As discussed earlier, the model development and evaluation technology supports evolutionary model development and ontology principles of common input data. For this purpose, the model development and evaluation technology serves the following objectives: It enables the mimicking of human experts using other approaches. It performs knowledge engineering to design, for example, Bayesian network-based models. It performs data-driven training for black box approaches such as deep learning. It applies consistent model evaluation criteria to enable the model evaluations to be performed automatically or semi-automatically. It allows each model to be developed over time and to compete at any time and concurrently with other models for use in production contexts.
Among the advantages of the evolutionary model development enabled by the model evaluation technology described here are the following: the model evaluation process is performed semi- automatically which facilitates more rapid, more logical, and more disciplined evaluation by experts of competing types of models (such as machine learning, Bayesian, deep learning, and others) and specific competing models. The technology can enable model development to be done in competition with the development of models by human experts (such as model development by portfolio managers for investment purposes). The technology provides transparency with respect to the performances of types of models in particular models which can lead to broader use of more effective models. Transparency can stimulate a competitive ecosystem to motivate the evolution of different competitive model types and models.

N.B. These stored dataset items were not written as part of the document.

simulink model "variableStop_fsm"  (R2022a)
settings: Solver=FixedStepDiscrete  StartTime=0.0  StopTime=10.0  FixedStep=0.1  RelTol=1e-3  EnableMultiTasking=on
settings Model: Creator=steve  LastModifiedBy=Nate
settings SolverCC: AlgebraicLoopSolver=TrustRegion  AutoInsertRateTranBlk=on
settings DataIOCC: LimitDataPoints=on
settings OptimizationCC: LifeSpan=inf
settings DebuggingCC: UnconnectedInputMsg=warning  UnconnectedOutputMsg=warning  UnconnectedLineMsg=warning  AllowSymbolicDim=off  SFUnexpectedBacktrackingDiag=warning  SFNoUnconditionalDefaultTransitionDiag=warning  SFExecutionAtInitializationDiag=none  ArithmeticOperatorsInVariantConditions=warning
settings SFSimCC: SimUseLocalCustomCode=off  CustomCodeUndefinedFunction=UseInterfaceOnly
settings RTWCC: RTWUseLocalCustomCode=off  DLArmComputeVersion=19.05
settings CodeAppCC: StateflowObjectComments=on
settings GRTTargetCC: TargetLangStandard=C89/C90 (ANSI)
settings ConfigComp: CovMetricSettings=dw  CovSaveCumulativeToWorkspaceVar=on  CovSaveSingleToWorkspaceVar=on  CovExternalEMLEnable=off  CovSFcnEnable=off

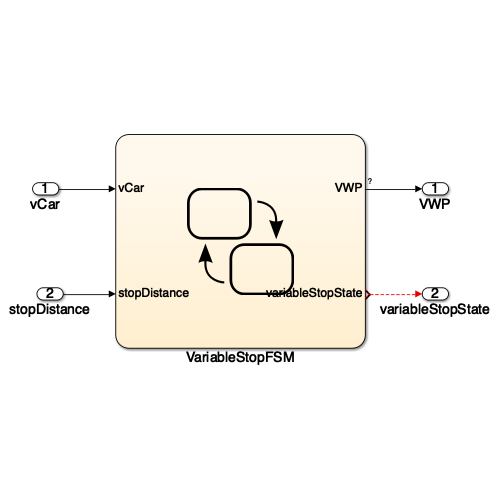
[thumbnail: Simulink's stored preview of the top-level diagram]
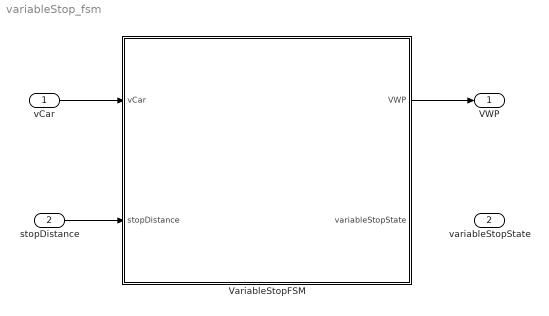
== system variableStop_fsm ==
  vCar : Inport
  stopDistance : Inport  Port=2
  VariableStopFSM : Stateflow chart  TreatAsAtomicUnit=on
  VWP : Outport
  variableStopState : Outport  Port=2
  wires:
  ? -> variableStopState/1
  VariableStopFSM/1(VWP) -> VWP/1
  vCar/1 -> VariableStopFSM/1(vCar)
  stopDistance/1 -> VariableStopFSM/2(stopDistance)

== stateflow chart variableStop_fsm/VariableStopFSM ==
  state wait_for_variableStop_enable
    en:  variableStopState = 0;
  state wait_for_zero_velocity1
    en:  variableStopState = 1;
  state wait_while_curObstacle_is_present
    en:  variableStopState = 2;
    en: curObstacle = sort(ActiveObjectList)
  (default) -> wait_for_variableStop_enable
  wait_for_variableStop_enable -> wait_for_variableStop_enable [order 1]
  wait_while_curObstacle_is_present -> wait_for_variableStop_enable [order 1] : [SpeedChangeEnable == false || ...
      |   ~ismember(curObstacle, ActiveObstacleList)]
      | {SubMachineRunning = false;
      | VariableStopEnable = false;}
  wait_for_zero_velocity1 -> wait_for_variableStop_enable [order 1] : [VariableStopEnable == false]
  wait_for_variableStop_enable -> wait_for_zero_velocity1 [order 2] : [VariableStopEnable == true]
      | {VWP = updateVWP(VWP, stopDistance)}
  wait_for_zero_velocity1 -> wait_for_zero_velocity1 [order 3]
  wait_for_zero_velocity1 -> wait_while_curObstacle_is_present [order 2] : [vCar == 0]
  wait_while_curObstacle_is_present -> wait_while_curObstacle_is_present [order 2]
  data: VWP output; ActiveObjectList data_store_memory; SpeedChangeEnable data_store_memory; VariableStopEnable data_store_memory; SubMachineRunning data_store_memory; curObstacle local; variableStopState output; vCar input; stopDistance input
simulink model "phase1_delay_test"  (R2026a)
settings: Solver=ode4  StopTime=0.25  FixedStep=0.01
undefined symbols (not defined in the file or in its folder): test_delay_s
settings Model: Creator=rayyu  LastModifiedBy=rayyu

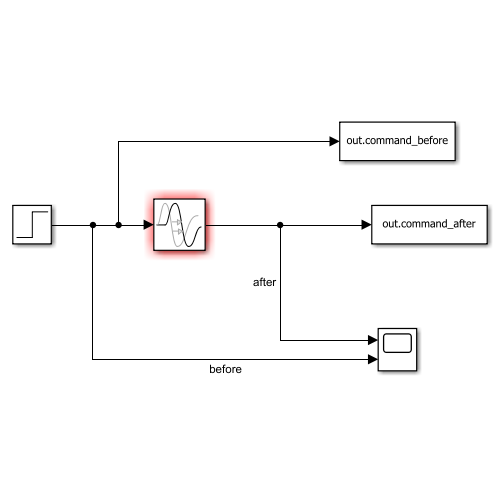
[thumbnail: Simulink's stored preview of the top-level diagram]
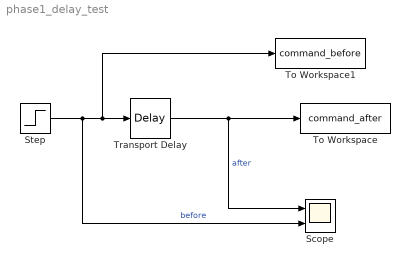
== system phase1_delay_test ==
  Scope : Scope  NumInputPorts=2
      settings: ActiveDisplayYMinimum=-0.4138864371338481  ActiveDisplayYMaximum=0.96416845840375909
  Step : Step  Time=0.01  SampleTime=0
  To Workspace : ToWorkspace  VariableName=command_after  SaveFormat=Timeseries  SampleTime=-1
  To Workspace1 : ToWorkspace  VariableName=command_before  SaveFormat=Timeseries  SampleTime=-1
  Transport Delay : TransportDelay  DelayTime=test_delay_s
  wires:
  Step/1 -> Scope/2, To Workspace1/1, Transport Delay/1  "before"
  Transport Delay/1 -> Scope/1, To Workspace/1  "after"

As shown in figure 12, the model development and evaluation technology can involve interaction between the development process for models being used in production environments 302 and candidate models under development 304. With respect to models being used in production environments, the technology enables a user to implement data and feature enhancements 306 of a production model. With respect to candidate models under development, the technology enables a user to define an initial prototype 308 and develop the prototype. Data and feature enhancements can be part of the process of developing the initial prototype, and the data and feature enhancements can be generated in the course of the prototype development. Ontology alignment 310 (that is, assuring that the inputs, outputs, and metrics conform to define concepts of one or more ontologies) is applied to the data and feature enhancements 306 and to developed rules/Bayesian models 312 that result from the prototyping 308. As part of the model development 312, the user can define target use cases 314. Eventually, the rules/Bayesian and model can be put into production deployment 316. Any model in production and any candidate model can be compared by challenger/champion comparison testing 318 using production data in an off-line mode 320. If the challenger performs better than the champion, the production environment can be upgraded by deploying the challenger 322.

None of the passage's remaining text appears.